LES PROCESSIONNAIRES

    Les trois enfants de chœur (1) sont identifiés comme Jean-Martin PINELLI (l'actuel président de l'Association Artistique et Culturelle de Sorru in Sù), son frère François PINELLI et Noël SICCHI.

   Comme ils ont un peu plus de soixante ans chacun, l'événement peut être daté de légèrement avant 1960. Mais les actuels propriétaires de la photo pourraient donner une plus grande précision.

    Ces trois enfants sont habillés avec la soutane ou soutanelle, longue robe rouge, noire ou violette, et  avec le surplis ou cotta, vêtement blanc qu'on met sur la soutane. Ces ornements furent peu utilisés après le concile Vatican II (1962-1965) qui préconisa une plus grande simplicité des cérémonies catholiques. Actuellement, les enfants de chœur ont plutôt une aube blanche.

    Dans le film de la procession du 15 août 1966, pour l'Assomption à Poggiolo (voir ci-dessous), les vêtements des enfants de chœur ont disparu. Jean-José BARTOLI, qui est à la tête de la procession avec la même croix que sur la photo (2), a un costume civil, de même que son frère François qui se tient à côté du curé MILLELIRI.

 

 

 

   Si la croix est présente dans les deux cas, la bannière de la procession de St Roch (3), qui semble représenter la Vierge et qui est tenue par une femme, n'existe plus sur le film alors qu'elle avait tout à fait sa place le 15 août. Qu'est-elle devenue? Quand ne fut-elle plus utilisée? 

   L'ordonnancement est, grosso modo, le même dans les deux cas, à savoir que les femmes sont devant, puis vient la statue de Saint Roch avec ses porteurs (4) et les hommes derrière. Il est vrai qu'un minimum d'organisation donne un cachet particulier.

   La procession rassemble une soixantaine de personnes. La vidéo ne permet pas de compter tous les participants mais on peut penser qu'ils étaient du même ordre.

    Très peu d'enfants se voient sur cette photo, moins que dans les images de 1966. Mais cette année-là le cinéaste avait alors lui-même 17 ans et s'était attaché à sa classe d'âge.

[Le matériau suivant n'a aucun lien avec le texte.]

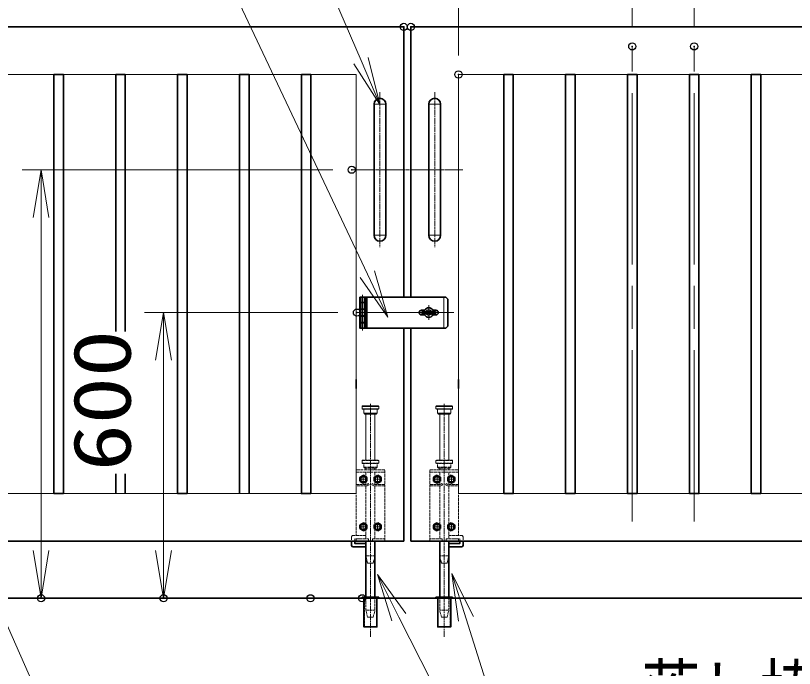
# Model space of a CAD drawing. Units: millimetres at full size. Extents: x -11880 to 11880, y -8400 to 8400.
# Drawn here: x 915 to 2551, y -692 to 679 of the extents above; entities that cross this region are included whole.
import ezdxf
from ezdxf.enums import TextEntityAlignment as Align

# ---------------------------------------------------------------- set-up
doc = ezdxf.new("R2010")
doc.units = ezdxf.units.MM
doc.header["$LTSCALE"] = 30
doc.header["$PDMODE"] = 32
doc.header["$PDSIZE"] = 15
for name, pattern in [('DASHED', [7.5, 6, -1.5]), ('USER1', [18, 12, -1.5, 3, -1.5]), ('USER2', [9, 6, -0.75, 1.5, -0.75]), ('USER3', [1.125, 0.75, -0.125, 0.125, -0.125])]:
    doc.linetypes.add(name, pattern=pattern)
for name, color, linetype, lineweight in [('0-1_外形線', 7, 'Continuous', 35), ('0-2_軸線', 200, 'USER1', 15), ('0-3_細線', 2, 'Continuous', 35), ('0-4_寸法線', 4, 'Continuous', 18), ('0-5_0', 7, 'Continuous', 18), ('0-7_隠れ線', 140, 'DASHED', 18), ('0-9_01', 7, 'Continuous', 18), ('0-A_AM_0N', 7, 'Continuous', 50), ('0-B_AM_7N', 6, 'USER2', 18), ('0-C_想像線', 112, 'USER3', 15)]:
    doc.layers.add(name, color=color, linetype=linetype, lineweight=lineweight)
doc.layers.add('0-6_Defpoints', color=7, linetype='Continuous')
doc.styles.add('ＭＳ ゴシック', font='')
doc.styles.get('ＭＳ ゴシック').set_extended_font_data('MS Gothic')

# ---------------------------------------------------------------- blocks, each defined once
blk = doc.blocks.new('S31')
at = {"layer": '0-4_寸法線'}
blk.add_lwpolyline([(28581802.7, 87761603.3), (28553324.3, 87761603.3), (28533202.2, 87807244.5), (28531991.9, 87809989.5)], dxfattribs=at)
blk = doc.blocks.new('A$C130E4F3B')
at = {"layer": '0-1_外形線'}
for p, q in [((-375, -4125), (-375, 4125)), ((375, 4125), (375, -4125))]:
    blk.add_line(p, q, dxfattribs=at)
for centre, start, end in [((0, 4125), 0, 180), ((0, -4125), 180, 0)]:
    blk.add_arc(centre, 375, start, end, dxfattribs=at)
at = {"layer": '0-2_軸線'}
for p, q in [((0, 4877.9), (0, -4877.9)), ((0, 4125), (-412.5, 4125)), ((0, 4125), (412.5, 4125)), ((0, -4125), (-412.5, -4125)), ((0, -4125), (412.5, -4125))]:
    blk.add_line(p, q, dxfattribs=at)
at = {"layer": '0-2_軸線', "linetype": 'USER2'}
blk.add_line((-1779.7, 0), (1779.7, 0), dxfattribs=at)
blk = doc.blocks.new('U15')
at = {"layer": '0-A_AM_0N'}
blk.add_lwpolyline([(645, 3787.4), (450, 3674.8), (255, 3787.4), (255, 4012.6), (450, 4125.2), (645, 4012.6)], close=True, dxfattribs=at)
blk.add_circle((450, 3900), 195, dxfattribs=at)
blk.add_circle((450, 3900), 195, dxfattribs=at)
at = {"layer": '0-B_AM_7N'}
for p, q in [((450, 4147.7), (450, 3652.3)), ((697.7, 3900), (202.3, 3900))]:
    blk.add_line(p, q, dxfattribs=at)
blk = doc.blocks.new('U16')
at = {"layer": '0-A_AM_0N'}
blk.add_lwpolyline([(-255, 3787.4), (-450, 3674.8), (-645, 3787.4), (-645, 4012.6), (-450, 4125.2), (-255, 4012.6)], close=True, dxfattribs=at)
blk.add_circle((-450, 3900), 195, dxfattribs=at)
blk.add_circle((-450, 3900), 195, dxfattribs=at)
at = {"layer": '0-B_AM_7N'}
for p, q in [((-450, 4147.7), (-450, 3652.3)), ((-202.3, 3900), (-697.7, 3900))]:
    blk.add_line(p, q, dxfattribs=at)
blk = doc.blocks.new('U17')
at = {"layer": '0-A_AM_0N'}
blk.add_lwpolyline([(645, 787.4), (450, 674.8), (255, 787.4), (255, 1012.6), (450, 1125.2), (645, 1012.6)], close=True, dxfattribs=at)
blk.add_circle((450, 900), 195, dxfattribs=at)
blk.add_circle((450, 900), 195, dxfattribs=at)
at = {"layer": '0-B_AM_7N'}
for p, q in [((450, 1147.7), (450, 652.3)), ((697.7, 900), (202.3, 900))]:
    blk.add_line(p, q, dxfattribs=at)
blk = doc.blocks.new('U18')
at = {"layer": '0-A_AM_0N'}
blk.add_lwpolyline([(-255, 787.4), (-450, 674.8), (-645, 787.4), (-645, 1012.6), (-450, 1125.2), (-255, 1012.6)], close=True, dxfattribs=at)
blk.add_circle((-450, 900), 195, dxfattribs=at)
blk.add_circle((-450, 900), 195, dxfattribs=at)
at = {"layer": '0-B_AM_7N'}
for p, q in [((-450, 1147.7), (-450, 652.3)), ((-202.3, 900), (-697.7, 900))]:
    blk.add_line(p, q, dxfattribs=at)
blk = doc.blocks.new('A$C7BA44824')
at = {"layer": '0-1_外形線'}
for p, q in [((-285, 0), (-285, -3540)), ((285, 0), (285, -3540)), ((1185, 0), (1185, -270)), ((1095, -360), (285, -360))]:
    blk.add_line(p, q, dxfattribs=at)
for points in [[(975, 0), (975, -150), (285, -150)], [(408, -3600), (408, -5400), (-408, -5400), (-408, -3600)]]:
    blk.add_lwpolyline(points, dxfattribs=at)
blk.add_lwpolyline([(525, -3540), (-525, -3540), (-525, -3600), (525, -3600)], close=True, dxfattribs=at)
blk.add_arc((1095, -270), 90, 270, 0, dxfattribs=at)
at = {"layer": '0-2_軸線'}
blk.add_line((0, -6032.5), (0, 8659.7), dxfattribs=at)
at = {"layer": '0-7_隠れ線'}
for p, q in [((-495, 5100), (-525, 5070)), ((-525, 4920), (-525, 5070)), ((525, 5070), (-525, 5070)), ((-495, 4890), (-525, 4920)), ((-525, 4920), (525, 4920)), ((-495, 5100), (495, 5100)), ((495, 5100), (525, 5070)), ((525, 4920), (495, 4890)), ((525, 4920), (525, 5070)), ((-900, 4500), (900, 4500)), ((-900, 0), (-900, 4500)), ((495, 4890), (-495, 4890)), ((-420, 4650), (-420, 4890)), ((-420, 4650), (-360, 4590)), ((420, 4650), (-420, 4650)), ((360, 4590), (-360, 4590)), ((-285, 4500), (-285, 4590)), ((285, 4590), (285, 4500)), ((420, 4650), (360, 4590)), ((420, 4650), (420, 4890)), ((900, 4500), (900, 360)), ((900, 4350), (-900, 4350)), ((-285, 4350), (-285, 3570)), ((285, 4350), (285, 4029.9)), ((-900, 3570), (-232.9, 3570)), ((-900, 3480), (-211.7, 3480)), ((-285, 3480), (-285, 150)), ((-119.3, 3626.8), (-232.9, 3570)), ((-79, 3546.3), (-211.7, 3480)), ((-119.3, 3626.8), (-79, 3546.3)), ((119.3, 3626.8), (79, 3546.3)), ((79, 3546.3), (211.7, 3480)), ((232.9, 3570), (119.3, 3626.8)), ((211.7, 3480), (900, 3480)), ((900, 3570), (232.9, 3570)), ((285, 3770.1), (285, 3570)), ((285, 3480), (285, 150)), ((-120, 150), (-900, 150)), ((-120, 0), (-900, 0)), ((-120, 150), (-120, 0)), ((120, 0), (-120, 0)), ((900, 150), (120, 150)), ((120, 150), (120, 0)), ((900, 0), (120, 0)), ((285, 360), (1095, 360)), ((900, 150), (900, 0)), ((1185, 270), (1185, 0)), ((-180, -1380), (-285, -930)), ((285, -930), (-285, -930)), ((180, -1380), (285, -930)), ((180, -1380), (-180, -1380)), ((-378, -5400), (-378, -3600)), ((-375, -3600), (-375, -3540)), ((-285, -4350), (-285, -3540)), ((285, -3540), (285, -4350)), ((375, -3600), (375, -3540)), ((378, -5400), (378, -3600)), ((-180, -4800), (-285, -4350)), ((285, -4350), (-285, -4350)), ((180, -4800), (285, -4350)), ((180, -4800), (-180, -4800))]:
    blk.add_line(p, q, dxfattribs=at)
blk.add_lwpolyline([(285, 150), (975, 150), (975, 0)], dxfattribs=at)
blk.add_arc((1095, 270), 90, 0, 90, dxfattribs=at)
at = {"layer": '0-C_想像線'}
for p, q in [((-495, 8520), (-525, 8490)), ((-525, 8340), (-525, 8490)), ((525, 8490), (-525, 8490)), ((-495, 8520), (495, 8520)), ((495, 8520), (525, 8490)), ((525, 8340), (525, 8490)), ((-495, 8310), (-525, 8340)), ((-525, 8340), (525, 8340)), ((495, 8310), (-495, 8310)), ((-420, 8070), (-420, 8310)), ((-420, 8070), (-360, 8010)), ((420, 8070), (-420, 8070)), ((360, 8010), (-360, 8010)), ((-285, 5100), (-285, 8010)), ((285, 5100), (285, 8010)), ((420, 8070), (360, 8010)), ((420, 8070), (420, 8310)), ((525, 8340), (495, 8310))]:
    blk.add_line(p, q, dxfattribs=at)
at = {"layer": '0-A_AM_0N'}
for name in ['U16', 'U15', 'U18', 'U17']:
    blk.add_blockref(name, (0, 0), dxfattribs=at)
blk = doc.blocks.new('_Open')
at = {"layer": '0-5_0', "color": 4}
blk.add_line((-30, 5), (0, 0), dxfattribs=at)
blk.add_lwpolyline([(-30, -5), (0, 0), (-30, 0)], dxfattribs=at)
blk = doc.blocks.new('S40')
at = {"layer": '0-4_寸法線'}
for points in [[(28604158.1, 87777333.5), (28572770.9, 87777333.5), (28565922.7, 87799058.1), (28565020.7, 87801919.3)], [(28566399.5, 87799208.4), (28565020.7, 87801919.3), (28565445.8, 87798907.8)]]:
    blk.add_lwpolyline(points, dxfattribs=at)
at = {"layer": '0-4_寸法線', "color": 254, "style": 'ＭＳ ゴシック'}
for s, width, p in [('落し棒（建物側）', 0.75, (28576970.9, 87791334.1)), ('SUS304 φ19', 1.1, (28576538.9, 87785034.1)), ('電解研磨', 0.75, (28576970.9, 87778734.1))]:
    blk.add_text(s, height=3637, dxfattribs=dict(at, width=width)).set_placement(p, align=Align.BOTTOM_LEFT)
blk = doc.blocks.new('S41')
at = {"layer": '0-4_寸法線'}
for points in [[(28572770.9, 87777333.5), (28561692.4, 87799169.5), (28560335.1, 87801844.9)], [(28562138.3, 87799395.7), (28560335.1, 87801844.9), (28561246.5, 87798943.3)]]:
    blk.add_lwpolyline(points, dxfattribs=at)
blk = doc.blocks.new('S48')
at = {"layer": '0-4_寸法線'}
for points in [[(28507017.8, 87865306.9), (28545893, 87865306.9), (28559306.2, 87834228.5), (28560495, 87831474.1)], [(28558847.2, 87834030.4), (28560495, 87831474.1), (28559765.3, 87834426.6)]]:
    blk.add_lwpolyline(points, dxfattribs=at)
blk = doc.blocks.new('S49')
at = {"layer": '0-4_寸法線'}
for points in [[(28507091.2, 87849845), (28545966.4, 87849845), (28559708.9, 87820773.3), (28560991, 87818061.1)], [(28559256.9, 87820559.6), (28560991, 87818061.1), (28560161, 87820987)]]:
    blk.add_lwpolyline(points, dxfattribs=at)

msp = doc.modelspace()

# ---------------------------------------------------------------- linework, layer by layer
at = {"layer": '0-1_外形線'}
for p, q in [((1733.4, 87.84), (1653.04, 87.84)), ((1733.4, 87.84), (1819.04, 87.84)), ((1734.4, 87.84), (1739.4, 87.84)), ((1823.04, 83.84), (1819.04, 87.84)), ((1823.04, 83.84), (1823.04, 26.84)), ((1774.38, 60.34), (1768.04, 60.34)), ((1768.04, 50.34), (1774.38, 50.34)), ((1769.04, 57.84), (1770.79, 57.84)), ((1769.04, 52.84), (1769.04, 57.84)), ((1769.04, 52.84), (1770.79, 52.84)), ((1770.79, 57.84), (1797.04, 57.84)), ((1797.04, 52.84), (1770.79, 52.84)), ((1798.04, 60.34), (1791.7, 60.34)), ((1791.7, 50.34), (1798.04, 50.34)), ((1797.04, 52.84), (1797.04, 57.84)), ((1650.04, 47.84), (1650.04, 42.09)), ((1819.04, 22.84), (1653.04, 22.84)), ((1730.54, -424.66), (1730.54, 22.84)), ((1745.54, -424.66), (1745.54, 22.84)), ((1819.04, 22.84), (1823.04, 26.84)), ((1630.54, -85.16), (1630.54, -104.16)), ((1845.54, -85.16), (1845.54, -104.16)), ((1125.54, -324.66), (1125.54, -283.02)), ((1145.54, -283.02), (1145.54, -324.66)), ((1730.54, -424.66), (-269.46, -424.66)), ((1745.54, -424.66), (3745.54, -424.66)), ((-899.46, -544.66), (4375.54, -544.66))]:
    msp.add_line(p, q, dxfattribs=at)
for points in [[(-269.46, 655.34), (1730.54, 655.34), (1730.54, 87.84)], [(3745.54, 655.34), (1745.54, 655.34), (1745.54, 87.84)], [(1125.54, 15.76), (1125.54, 555.34), (1145.54, 555.34), (1145.54, 15.76)], [(1385.54, -324.66), (1385.54, 555.34), (1405.54, 555.34), (1405.54, -324.66)]]:
    msp.add_lwpolyline(points, dxfattribs=at)
for points in [[(1015.54, -324.66), (995.54, -324.66), (995.54, 555.34), (1015.54, 555.34)], [(1275.54, -324.66), (1255.54, -324.66), (1255.54, 555.34), (1275.54, 555.34)], [(1535.54, -324.66), (1515.54, -324.66), (1515.54, 555.34), (1535.54, 555.34)], [(1940.54, -324.66), (1960.54, -324.66), (1960.54, 555.34), (1940.54, 555.34)], [(2070.54, -324.66), (2090.54, -324.66), (2090.54, 555.34), (2070.54, 555.34)], [(2200.54, -324.66), (2220.54, -324.66), (2220.54, 555.34), (2200.54, 555.34)], [(2330.54, -324.66), (2350.54, -324.66), (2350.54, 555.34), (2330.54, 555.34)], [(2460.54, -324.66), (2480.54, -324.66), (2480.54, 555.34), (2460.54, 555.34)]]:
    msp.add_lwpolyline(points, close=True, dxfattribs=at)
for centre, radius, start, end in [((1768.04, 55.34), 5, 90, 270), ((1783.04, 55.34), 10, 30, 150), ((1783.04, 55.34), 10, 210, 330), ((1798.04, 55.34), 5, 270, 90)]:
    msp.add_arc(centre, radius, start, end, dxfattribs=at)
at = {"layer": '0-2_軸線'}
for p, q in [((2210.54, -383.66), (2210.54, 614.34)), ((2340.54, -383.66), (2340.54, 614.34)), ((1644.04, 92.72), (1644.04, 17.96)), ((1783.04, 40.02), (1783.04, 70.65)), ((1835.72, 55.34), (1632.21, 55.34))]:
    msp.add_line(p, q, dxfattribs=at)
at = {"layer": '0-3_細線'}
for p, q in [((1650.04, 87.84), (1638.04, 87.84)), ((1650.04, 76.84), (1650.04, 87.84)), ((1650.04, 87.84), (1653.04, 87.84)), ((1653.04, 76.34), (1653.04, 87.84)), ((1638.04, 76.34), (1653.04, 76.34)), ((1638.04, 76.34), (1638.04, 62.84)), ((1650.04, 76.34), (1650.04, 62.84)), ((1653.04, 62.34), (1653.04, 76.84)), ((1638.04, 62.84), (1653.04, 62.84)), ((1638.04, 48.34), (1638.04, 62.34)), ((1638.04, 62.34), (1653.04, 62.34)), ((1650.04, 48.34), (1650.04, 62.34)), ((1653.04, 62.84), (1653.04, 47.84)), ((1653.04, 48.34), (1638.04, 48.34)), ((1653.04, 47.84), (1638.04, 47.84)), ((1638.04, 47.84), (1638.04, 34.34)), ((1638.04, 34.34), (1653.04, 34.34)), ((1638.04, 33.84), (1653.04, 33.84)), ((1650.04, 42.09), (1650.04, 34.34)), ((1650.04, 22.84), (1650.04, 33.84)), ((1653.04, 33.84), (1653.04, 48.34)), ((1653.04, 34.34), (1653.04, 22.84)), ((1653.04, 22.84), (1644.04, 22.84)), ((1738.04, -544.66), (2222.39, -544.66))]:
    msp.add_line(p, q, dxfattribs=at)
for points in [[(1653.04, 76.84), (1638.04, 76.84), (1638.04, 87.84)], [(1644.04, 22.84), (1638.04, 22.84), (1638.04, 33.84)]]:
    msp.add_lwpolyline(points, dxfattribs=at)
at = {"layer": '0-4_寸法線'}
for p, q in [((1845.54, 595.34), (1845.54, 2013.9)), ((1845.54, 595.34), (1845.54, 2013.9)), ((2210.54, 654.34), (2210.54, 1695.09)), ((2340.54, 654.34), (2340.54, 1695.09)), ((1581.21, 355.34), (928.63, 355.34)), ((968.63, 355.34), (968.63, -544.66)), ((1592.21, 55.34), (1185.92, 55.34)), ((1225.92, 55.34), (1225.92, -544.66)), ((1603.04, -544.66), (928.63, -544.66)), ((1494.62, -544.66), (1185.92, -544.66))]:
    msp.add_line(p, q, dxfattribs=at)
at = {"layer": '0-5_0'}
for p, q in [((1630.54, 555.34), (-169.46, 555.34)), ((1630.54, -85.16), (1630.54, 555.34)), ((1845.54, -85.16), (1845.54, 555.34)), ((1845.54, 555.34), (3645.54, 555.34))]:
    msp.add_line(p, q, dxfattribs=at)
for points in [[(-169.46, 555.34), (-169.46, -324.66), (1630.54, -324.66), (1630.54, -104.16)], [(3645.54, 555.34), (3645.54, -324.66), (1845.54, -324.66), (1845.54, -104.16)]]:
    msp.add_lwpolyline(points, dxfattribs=at)
at = {"layer": '0-6_Defpoints'}
for p in [(1730.54, 655.34), (1745.54, 655.34), (2210.54, 614.34), (2340.54, 614.34), (1845.54, 555.34), (1621.21, 355.34), (1632.21, 55.34), (968.63, -544.66), (1225.92, -544.66), (1534.62, -544.66), (1643.04, -544.66)]:
    msp.add_point(p, dxfattribs=at)
at = {"layer": '0-7_隠れ線'}
for p, q in [((1641.04, 76.84), (1641.04, 87.84)), ((1647.04, 87.84), (1647.04, 76.84)), ((1641.04, 62.84), (1641.04, 76.34)), ((1647.04, 62.84), (1647.04, 76.34)), ((1641.04, 48.34), (1641.04, 62.34)), ((1647.04, 62.34), (1647.04, 48.34)), ((1641.04, 34.34), (1641.04, 47.84)), ((1641.04, 22.84), (1641.04, 33.84)), ((1647.04, 34.34), (1647.04, 47.84)), ((1647.04, 33.84), (1647.04, 22.84))]:
    msp.add_line(p, q, dxfattribs=at)
at = {"layer": '0-7_隠れ線', "linetype": 'Continuous'}
for start, end in [(24.62432, 155.37568), (204.62432, 335.37568)]:
    msp.add_arc((1783.04, 55.34), 6, start, end, dxfattribs=at)
at = {"layer": '0-9_01', "color": 4}
msp.add_line((1814.53, 86.15), (1814.53, 24.99), dxfattribs=at)

# ---------------------------------------------------------------- block references
at = {"layer": '0-1_外形線', "yscale": 0.03333333}
for name, p, xscale in [('A$C130E4F3B', (1680.54, 355.34), -0.03333333), ('A$C130E4F3B', (1795.54, 355.34), 0.03333333), ('A$C7BA44824', (1660.54, -424.66), -0.03333333), ('A$C7BA44824', (1815.54, -424.66), 0.03333333)]:
    msp.add_blockref(name, p, dxfattribs=dict(at, xscale=xscale))
at = {"layer": '0-4_寸法線', "xscale": 0.03333333, "yscale": 0.03333333}
for name in ['S48', 'S49', 'S31', 'S41', 'S40']:
    msp.add_blockref(name, (-950335.97, -2927222.87), dxfattribs=at)
at = {"layer": '0-4_寸法線', "xscale": 3.333333, "yscale": 3.333333}
for p, rotation in [((968.63, 355.34), 90), ((1225.92, 55.34), 90), ((968.63, -544.66), 270), ((1225.92, -544.66), 270)]:
    msp.add_blockref('_Open', p, dxfattribs=dict(at, rotation=rotation))

# ---------------------------------------------------------------- texts
at = {"layer": '0-4_寸法線', "color": 254, "style": 'ＭＳ ゴシック', "width": 1.2}
msp.add_text('600', height=121.2, rotation=90, dxfattribs=at).set_placement((1193.24, -277.98), align=Align.BOTTOM_LEFT)

doc.saveas('drawing.dxf')

    Sur la photo, de nombreuses femmes sont en robe noire et foulard noir.  Ce costume traditionnel est visible aussi sur le film.


L'ITINÉRAIRE

    Le photographe devait être juché sur le mur à l'angle de la route et de la stretta, ce qui donne une vue plongeante de la procession qui descend du Lucciu au village.

   Quel était donc l'itinéraire?

   Ce tronçon de la route a rarement été utilisé car il oblige à passer deux fois au même endroit. Le film présente l'itinéraire de l'église St Siméon à la chapelle St Roch. En général, les fidèles du 16 août font une boucle partant de St Roch et y aboutissant.

   Une seule exception récente s'est produite en 2004.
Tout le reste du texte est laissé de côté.